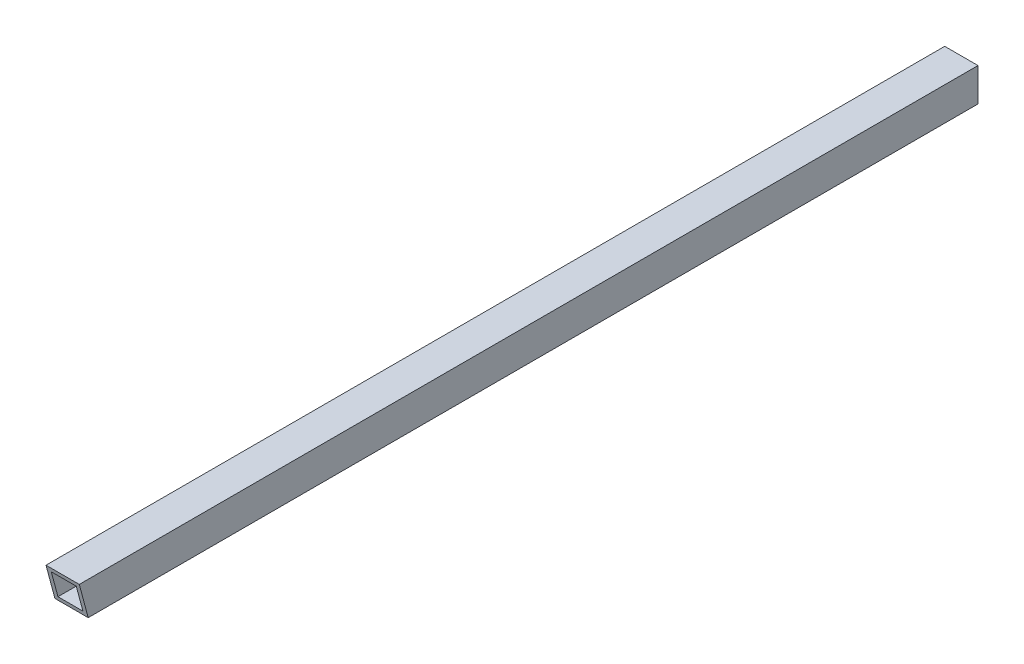
ISO-10303-21;
HEADER;
FILE_DESCRIPTION(('STEP AP214'),'2;1');
FILE_NAME('part.step','',(''),(''),'','','');
FILE_SCHEMA(('AUTOMOTIVE_DESIGN { 1 0 10303 214 1 1 1 1 }'));
ENDSEC;
DATA;
#1=APPLICATION_CONTEXT('core data for automotive mechanical design processes');
#2=APPLICATION_PROTOCOL_DEFINITION('international standard','automotive_design',2000,#1);
#3=PRODUCT_CONTEXT('',#1,'mechanical');
#4=PRODUCT('Part','Part','',(#3));
#5=PRODUCT_RELATED_PRODUCT_CATEGORY('part','',(#4));
#6=PRODUCT_DEFINITION_FORMATION('','',#4);
#7=PRODUCT_DEFINITION_CONTEXT('part definition',#1,'design');
#8=PRODUCT_DEFINITION('design','',#6,#7);
#9=PRODUCT_DEFINITION_SHAPE('','',#8);
#10=(LENGTH_UNIT() NAMED_UNIT(*) SI_UNIT(.MILLI.,.METRE.));
#11=(NAMED_UNIT(*) PLANE_ANGLE_UNIT() SI_UNIT($,.RADIAN.));
#12=(NAMED_UNIT(*) SI_UNIT($,.STERADIAN.) SOLID_ANGLE_UNIT());
#13=UNCERTAINTY_MEASURE_WITH_UNIT(LENGTH_MEASURE(1.E-05),#10,'distance_accuracy_value','');
#14=(GEOMETRIC_REPRESENTATION_CONTEXT(3) GLOBAL_UNCERTAINTY_ASSIGNED_CONTEXT((#13)) GLOBAL_UNIT_ASSIGNED_CONTEXT((#10,
#11,#12)) REPRESENTATION_CONTEXT('',''));
#15=CARTESIAN_POINT('',(0.,0.,0.));
#16=DIRECTION('',(0.,0.,1.));
#17=DIRECTION('',(1.,0.,0.));
#18=AXIS2_PLACEMENT_3D('',#15,#16,#17);
#19=CARTESIAN_POINT('',(0.,0.,0.));
#20=DIRECTION('',(0.,0.,1.));
#21=DIRECTION('',(1.,0.,0.));
#22=AXIS2_PLACEMENT_3D('',#19,#20,#21);
#23=PLANE('',#22);
#24=DIRECTION('',(0.,-1.,0.));
#25=VECTOR('',#24,1.);
#26=CARTESIAN_POINT('',(-12.7,-12.7,0.));
#27=LINE('',#26,#25);
#28=CARTESIAN_POINT('',(-12.7,12.7,0.));
#29=VERTEX_POINT('',#28);
#30=CARTESIAN_POINT('',(-12.7,-12.7,0.));
#31=VERTEX_POINT('',#30);
#32=EDGE_CURVE('E135',#29,#31,#27,.T.);
#33=ORIENTED_EDGE('',*,*,#32,.F.);
#34=DIRECTION('',(-1.,0.,0.));
#35=VECTOR('',#34,1.);
#36=CARTESIAN_POINT('',(12.7,12.7,0.));
#37=LINE('',#36,#35);
#38=CARTESIAN_POINT('',(12.7,12.7,0.));
#39=VERTEX_POINT('',#38);
#40=EDGE_CURVE('E108',#39,#29,#37,.T.);
#41=ORIENTED_EDGE('',*,*,#40,.F.);
#42=DIRECTION('',(0.,1.,0.));
#43=VECTOR('',#42,1.);
#44=CARTESIAN_POINT('',(12.7,-12.7,0.));
#45=LINE('',#44,#43);
#46=CARTESIAN_POINT('',(12.7,-12.7,0.));
#47=VERTEX_POINT('',#46);
#48=EDGE_CURVE('E136',#47,#39,#45,.T.);
#49=ORIENTED_EDGE('',*,*,#48,.F.);
#50=DIRECTION('',(1.,0.,0.));
#51=VECTOR('',#50,1.);
#52=CARTESIAN_POINT('',(12.7,-12.7,0.));
#53=LINE('',#52,#51);
#54=EDGE_CURVE('E131',#31,#47,#53,.T.);
#55=ORIENTED_EDGE('',*,*,#54,.F.);
#56=EDGE_LOOP('',(#33,#41,#49,#55));
#57=FACE_BOUND('',#56,.T.);
#58=DIRECTION('',(0.,-1.,0.));
#59=VECTOR('',#58,1.);
#60=CARTESIAN_POINT('',(-9.525,-9.525,0.));
#61=LINE('',#60,#59);
#62=CARTESIAN_POINT('',(-9.525,9.52500000000001,0.));
#63=VERTEX_POINT('',#62);
#64=CARTESIAN_POINT('',(-9.525,-9.525,0.));
#65=VERTEX_POINT('',#64);
#66=EDGE_CURVE('E152',#63,#65,#61,.T.);
#67=ORIENTED_EDGE('',*,*,#66,.T.);
#68=DIRECTION('',(1.,0.,0.));
#69=VECTOR('',#68,1.);
#70=CARTESIAN_POINT('',(9.525,-9.525,0.));
#71=LINE('',#70,#69);
#72=CARTESIAN_POINT('',(9.525,-9.525,0.));
#73=VERTEX_POINT('',#72);
#74=EDGE_CURVE('E155',#65,#73,#71,.T.);
#75=ORIENTED_EDGE('',*,*,#74,.T.);
#76=DIRECTION('',(0.,1.,0.));
#77=VECTOR('',#76,1.);
#78=CARTESIAN_POINT('',(9.525,-9.525,0.));
#79=LINE('',#78,#77);
#80=CARTESIAN_POINT('',(9.525,9.52500000000001,0.));
#81=VERTEX_POINT('',#80);
#82=EDGE_CURVE('E158',#73,#81,#79,.T.);
#83=ORIENTED_EDGE('',*,*,#82,.T.);
#84=DIRECTION('',(-1.,0.,0.));
#85=VECTOR('',#84,1.);
#86=CARTESIAN_POINT('',(9.525,9.52500000000001,0.));
#87=LINE('',#86,#85);
#88=EDGE_CURVE('E161',#81,#63,#87,.T.);
#89=ORIENTED_EDGE('',*,*,#88,.T.);
#90=EDGE_LOOP('',(#67,#75,#83,#89));
#91=FACE_BOUND('',#90,.T.);
#92=ADVANCED_FACE('F32',(#57,#91),#23,.F.);
#93=CARTESIAN_POINT('',(-12.7,-12.7,685.8));
#94=DIRECTION('',(1.,0.,0.));
#95=DIRECTION('',(0.,0.,-1.));
#96=AXIS2_PLACEMENT_3D('',#93,#94,#95);
#97=PLANE('',#96);
#98=DIRECTION('',(0.,0.,-1.));
#99=VECTOR('',#98,1.);
#100=CARTESIAN_POINT('',(-12.7,-12.7,685.8));
#101=LINE('',#100,#99);
#102=CARTESIAN_POINT('',(-12.7,-12.7,678.99409051225));
#103=VERTEX_POINT('',#102);
#104=EDGE_CURVE('E40',#103,#31,#101,.T.);
#105=ORIENTED_EDGE('',*,*,#104,.F.);
#106=DIRECTION('',(0.,-0.965925826289072,-0.258819045102508));
#107=VECTOR('',#106,1.);
#108=CARTESIAN_POINT('',(-12.7,-12.7,678.99409051225));
#109=LINE('',#108,#107);
#110=CARTESIAN_POINT('',(-12.7,12.7,685.8));
#111=VERTEX_POINT('',#110);
#112=EDGE_CURVE('E99',#111,#103,#109,.T.);
#113=ORIENTED_EDGE('',*,*,#112,.F.);
#114=DIRECTION('',(0.,0.,-1.));
#115=VECTOR('',#114,1.);
#116=CARTESIAN_POINT('',(-12.7,12.7,685.8));
#117=LINE('',#116,#115);
#118=EDGE_CURVE('E107',#111,#29,#117,.T.);
#119=ORIENTED_EDGE('',*,*,#118,.T.);
#120=ORIENTED_EDGE('',*,*,#32,.T.);
#121=EDGE_LOOP('',(#105,#113,#119,#120));
#122=FACE_BOUND('',#121,.T.);
#123=ADVANCED_FACE('F34',(#122),#97,.F.);
#124=CARTESIAN_POINT('',(12.7,-12.7,685.8));
#125=DIRECTION('',(0.,1.,0.));
#126=DIRECTION('',(-1.,0.,0.));
#127=AXIS2_PLACEMENT_3D('',#124,#125,#126);
#128=PLANE('',#127);
#129=DIRECTION('',(0.,0.,-1.));
#130=VECTOR('',#129,1.);
#131=CARTESIAN_POINT('',(12.7,-12.7,685.8));
#132=LINE('',#131,#130);
#133=CARTESIAN_POINT('',(12.7,-12.7,678.99409051225));
#134=VERTEX_POINT('',#133);
#135=EDGE_CURVE('E121',#134,#47,#132,.T.);
#136=ORIENTED_EDGE('',*,*,#135,.F.);
#137=DIRECTION('',(1.,0.,0.));
#138=VECTOR('',#137,1.);
#139=CARTESIAN_POINT('',(12.7,-12.7,678.99409051225));
#140=LINE('',#139,#138);
#141=EDGE_CURVE('E115',#103,#134,#140,.T.);
#142=ORIENTED_EDGE('',*,*,#141,.F.);
#143=ORIENTED_EDGE('',*,*,#104,.T.);
#144=ORIENTED_EDGE('',*,*,#54,.T.);
#145=EDGE_LOOP('',(#136,#142,#143,#144));
#146=FACE_BOUND('',#145,.T.);
#147=ADVANCED_FACE('F130',(#146),#128,.F.);
#148=CARTESIAN_POINT('',(12.7,-12.7,685.8));
#149=DIRECTION('',(-1.,0.,0.));
#150=DIRECTION('',(0.,0.,1.));
#151=AXIS2_PLACEMENT_3D('',#148,#149,#150);
#152=PLANE('',#151);
#153=DIRECTION('',(0.,0.,-1.));
#154=VECTOR('',#153,1.);
#155=CARTESIAN_POINT('',(12.7,12.7,685.8));
#156=LINE('',#155,#154);
#157=CARTESIAN_POINT('',(12.7,12.7,685.8));
#158=VERTEX_POINT('',#157);
#159=EDGE_CURVE('E119',#158,#39,#156,.T.);
#160=ORIENTED_EDGE('',*,*,#159,.F.);
#161=DIRECTION('',(0.,0.965925826289072,0.258819045102508));
#162=VECTOR('',#161,1.);
#163=CARTESIAN_POINT('',(12.7,12.7,685.8));
#164=LINE('',#163,#162);
#165=EDGE_CURVE('E102',#134,#158,#164,.T.);
#166=ORIENTED_EDGE('',*,*,#165,.F.);
#167=ORIENTED_EDGE('',*,*,#135,.T.);
#168=ORIENTED_EDGE('',*,*,#48,.T.);
#169=EDGE_LOOP('',(#160,#166,#167,#168));
#170=FACE_BOUND('',#169,.T.);
#171=ADVANCED_FACE('F143',(#170),#152,.F.);
#172=CARTESIAN_POINT('',(12.7,12.7,685.8));
#173=DIRECTION('',(0.,-1.,0.));
#174=DIRECTION('',(1.,0.,0.));
#175=AXIS2_PLACEMENT_3D('',#172,#173,#174);
#176=PLANE('',#175);
#177=ORIENTED_EDGE('',*,*,#40,.T.);
#178=ORIENTED_EDGE('',*,*,#118,.F.);
#179=DIRECTION('',(-1.,0.,0.));
#180=VECTOR('',#179,1.);
#181=CARTESIAN_POINT('',(12.7,12.7,685.8));
#182=LINE('',#181,#180);
#183=EDGE_CURVE('E96',#158,#111,#182,.T.);
#184=ORIENTED_EDGE('',*,*,#183,.F.);
#185=ORIENTED_EDGE('',*,*,#159,.T.);
#186=EDGE_LOOP('',(#177,#178,#184,#185));
#187=FACE_BOUND('',#186,.T.);
#188=ADVANCED_FACE('F117',(#187),#176,.F.);
#189=CARTESIAN_POINT('',(-9.525,-9.525,685.8));
#190=DIRECTION('',(1.,0.,0.));
#191=DIRECTION('',(0.,0.,-1.));
#192=AXIS2_PLACEMENT_3D('',#189,#190,#191);
#193=PLANE('',#192);
#194=DIRECTION('',(0.,0.965925826289072,0.258819045102508));
#195=VECTOR('',#194,1.);
#196=CARTESIAN_POINT('',(-9.525,-8.0362072995547,680.24375));
#197=LINE('',#196,#195);
#198=CARTESIAN_POINT('',(-9.525,-9.525,679.844829198219));
#199=VERTEX_POINT('',#198);
#200=CARTESIAN_POINT('',(-9.525,9.52500000000001,684.949261314031));
#201=VERTEX_POINT('',#200);
#202=EDGE_CURVE('E46',#199,#201,#197,.T.);
#203=ORIENTED_EDGE('',*,*,#202,.F.);
#204=DIRECTION('',(0.,0.,-1.));
#205=VECTOR('',#204,1.);
#206=CARTESIAN_POINT('',(-9.525,-9.525,685.8));
#207=LINE('',#206,#205);
#208=EDGE_CURVE('E138',#199,#65,#207,.T.);
#209=ORIENTED_EDGE('',*,*,#208,.T.);
#210=ORIENTED_EDGE('',*,*,#66,.F.);
#211=DIRECTION('',(0.,0.,-1.));
#212=VECTOR('',#211,1.);
#213=CARTESIAN_POINT('',(-9.525,9.52500000000001,685.8));
#214=LINE('',#213,#212);
#215=EDGE_CURVE('E53',#201,#63,#214,.T.);
#216=ORIENTED_EDGE('',*,*,#215,.F.);
#217=EDGE_LOOP('',(#203,#209,#210,#216));
#218=FACE_BOUND('',#217,.T.);
#219=ADVANCED_FACE('F179',(#218),#193,.T.);
#220=CARTESIAN_POINT('',(9.525,-9.525,685.8));
#221=DIRECTION('',(0.,1.,0.));
#222=DIRECTION('',(0.,0.,1.));
#223=AXIS2_PLACEMENT_3D('',#220,#221,#222);
#224=PLANE('',#223);
#225=DIRECTION('',(-1.,0.,0.));
#226=VECTOR('',#225,1.);
#227=CARTESIAN_POINT('',(9.525,-9.525,679.844829198219));
#228=LINE('',#227,#226);
#229=CARTESIAN_POINT('',(9.525,-9.525,679.844829198219));
#230=VERTEX_POINT('',#229);
#231=EDGE_CURVE('E149',#230,#199,#228,.T.);
#232=ORIENTED_EDGE('',*,*,#231,.F.);
#233=DIRECTION('',(0.,0.,-1.));
#234=VECTOR('',#233,1.);
#235=CARTESIAN_POINT('',(9.525,-9.525,685.8));
#236=LINE('',#235,#234);
#237=EDGE_CURVE('E140',#230,#73,#236,.T.);
#238=ORIENTED_EDGE('',*,*,#237,.T.);
#239=ORIENTED_EDGE('',*,*,#74,.F.);
#240=ORIENTED_EDGE('',*,*,#208,.F.);
#241=EDGE_LOOP('',(#232,#238,#239,#240));
#242=FACE_BOUND('',#241,.T.);
#243=ADVANCED_FACE('F172',(#242),#224,.T.);
#244=CARTESIAN_POINT('',(9.525,-9.525,685.8));
#245=DIRECTION('',(-1.,0.,0.));
#246=DIRECTION('',(0.,0.,1.));
#247=AXIS2_PLACEMENT_3D('',#244,#245,#246);
#248=PLANE('',#247);
#249=DIRECTION('',(0.,-0.965925826289072,-0.258819045102508));
#250=VECTOR('',#249,1.);
#251=CARTESIAN_POINT('',(9.525,-8.0362072995547,680.24375));
#252=LINE('',#251,#250);
#253=CARTESIAN_POINT('',(9.525,9.52500000000001,684.949261314031));
#254=VERTEX_POINT('',#253);
#255=EDGE_CURVE('E147',#254,#230,#252,.T.);
#256=ORIENTED_EDGE('',*,*,#255,.F.);
#257=DIRECTION('',(0.,0.,-1.));
#258=VECTOR('',#257,1.);
#259=CARTESIAN_POINT('',(9.525,9.52500000000001,685.8));
#260=LINE('',#259,#258);
#261=EDGE_CURVE('E165',#254,#81,#260,.T.);
#262=ORIENTED_EDGE('',*,*,#261,.T.);
#263=ORIENTED_EDGE('',*,*,#82,.F.);
#264=ORIENTED_EDGE('',*,*,#237,.F.);
#265=EDGE_LOOP('',(#256,#262,#263,#264));
#266=FACE_BOUND('',#265,.T.);
#267=ADVANCED_FACE('F176',(#266),#248,.T.);
#268=CARTESIAN_POINT('',(9.525,9.52500000000001,685.8));
#269=DIRECTION('',(0.,-1.,0.));
#270=DIRECTION('',(0.,0.,-1.));
#271=AXIS2_PLACEMENT_3D('',#268,#269,#270);
#272=PLANE('',#271);
#273=DIRECTION('',(1.,0.,0.));
#274=VECTOR('',#273,1.);
#275=CARTESIAN_POINT('',(9.525,9.52500000000001,684.949261314031));
#276=LINE('',#275,#274);
#277=EDGE_CURVE('E11',#201,#254,#276,.T.);
#278=ORIENTED_EDGE('',*,*,#277,.F.);
#279=ORIENTED_EDGE('',*,*,#215,.T.);
#280=ORIENTED_EDGE('',*,*,#88,.F.);
#281=ORIENTED_EDGE('',*,*,#261,.F.);
#282=EDGE_LOOP('',(#278,#279,#280,#281));
#283=FACE_BOUND('',#282,.T.);
#284=ADVANCED_FACE('F227',(#283),#272,.T.);
#285=CARTESIAN_POINT('',(0.,-170.599261314024,636.685110957688));
#286=DIRECTION('',(0.,0.258819045102508,-0.965925826289072));
#287=DIRECTION('',(0.,0.965925826289072,0.258819045102508));
#288=AXIS2_PLACEMENT_3D('',#285,#286,#287);
#289=PLANE('',#288);
#290=ORIENTED_EDGE('',*,*,#202,.T.);
#291=ORIENTED_EDGE('',*,*,#277,.T.);
#292=ORIENTED_EDGE('',*,*,#255,.T.);
#293=ORIENTED_EDGE('',*,*,#231,.T.);
#294=EDGE_LOOP('',(#290,#291,#292,#293));
#295=FACE_BOUND('',#294,.T.);
#296=ORIENTED_EDGE('',*,*,#165,.T.);
#297=ORIENTED_EDGE('',*,*,#183,.T.);
#298=ORIENTED_EDGE('',*,*,#112,.T.);
#299=ORIENTED_EDGE('',*,*,#141,.T.);
#300=EDGE_LOOP('',(#296,#297,#298,#299));
#301=FACE_BOUND('',#300,.T.);
#302=ADVANCED_FACE('F98',(#295,#301),#289,.F.);
#303=CLOSED_SHELL('',(#92,#123,#147,#171,#188,#219,#243,#267,#284,#302));
#304=MANIFOLD_SOLID_BREP('B2',#303);
#305=ADVANCED_BREP_SHAPE_REPRESENTATION('',(#18,#304),#14);
#306=SHAPE_DEFINITION_REPRESENTATION(#9,#305);
ENDSEC;
END-ISO-10303-21;
────
### About this exercise
Only lines belong in the copy: transcribe those from the start of the data through the line that contains "#9=PRODUCT_DEFINITION_SHAPE('','',#8);", and skip the pictures.

### Exercise output
ISO-10303-21;
HEADER;
FILE_DESCRIPTION(('STEP AP214'),'2;1');
FILE_NAME('part.step','',(''),(''),'','','');
FILE_SCHEMA(('AUTOMOTIVE_DESIGN { 1 0 10303 214 1 1 1 1 }'));
ENDSEC;
DATA;
#1=APPLICATION_CONTEXT('core data for automotive mechanical design processes');
#2=APPLICATION_PROTOCOL_DEFINITION('international standard','automotive_design',2000,#1);
#3=PRODUCT_CONTEXT('',#1,'mechanical');
#4=PRODUCT('Part','Part','',(#3));
#5=PRODUCT_RELATED_PRODUCT_CATEGORY('part','',(#4));
#6=PRODUCT_DEFINITION_FORMATION('','',#4);
#7=PRODUCT_DEFINITION_CONTEXT('part definition',#1,'design');
#8=PRODUCT_DEFINITION('design','',#6,#7);
#9=PRODUCT_DEFINITION_SHAPE('','',#8);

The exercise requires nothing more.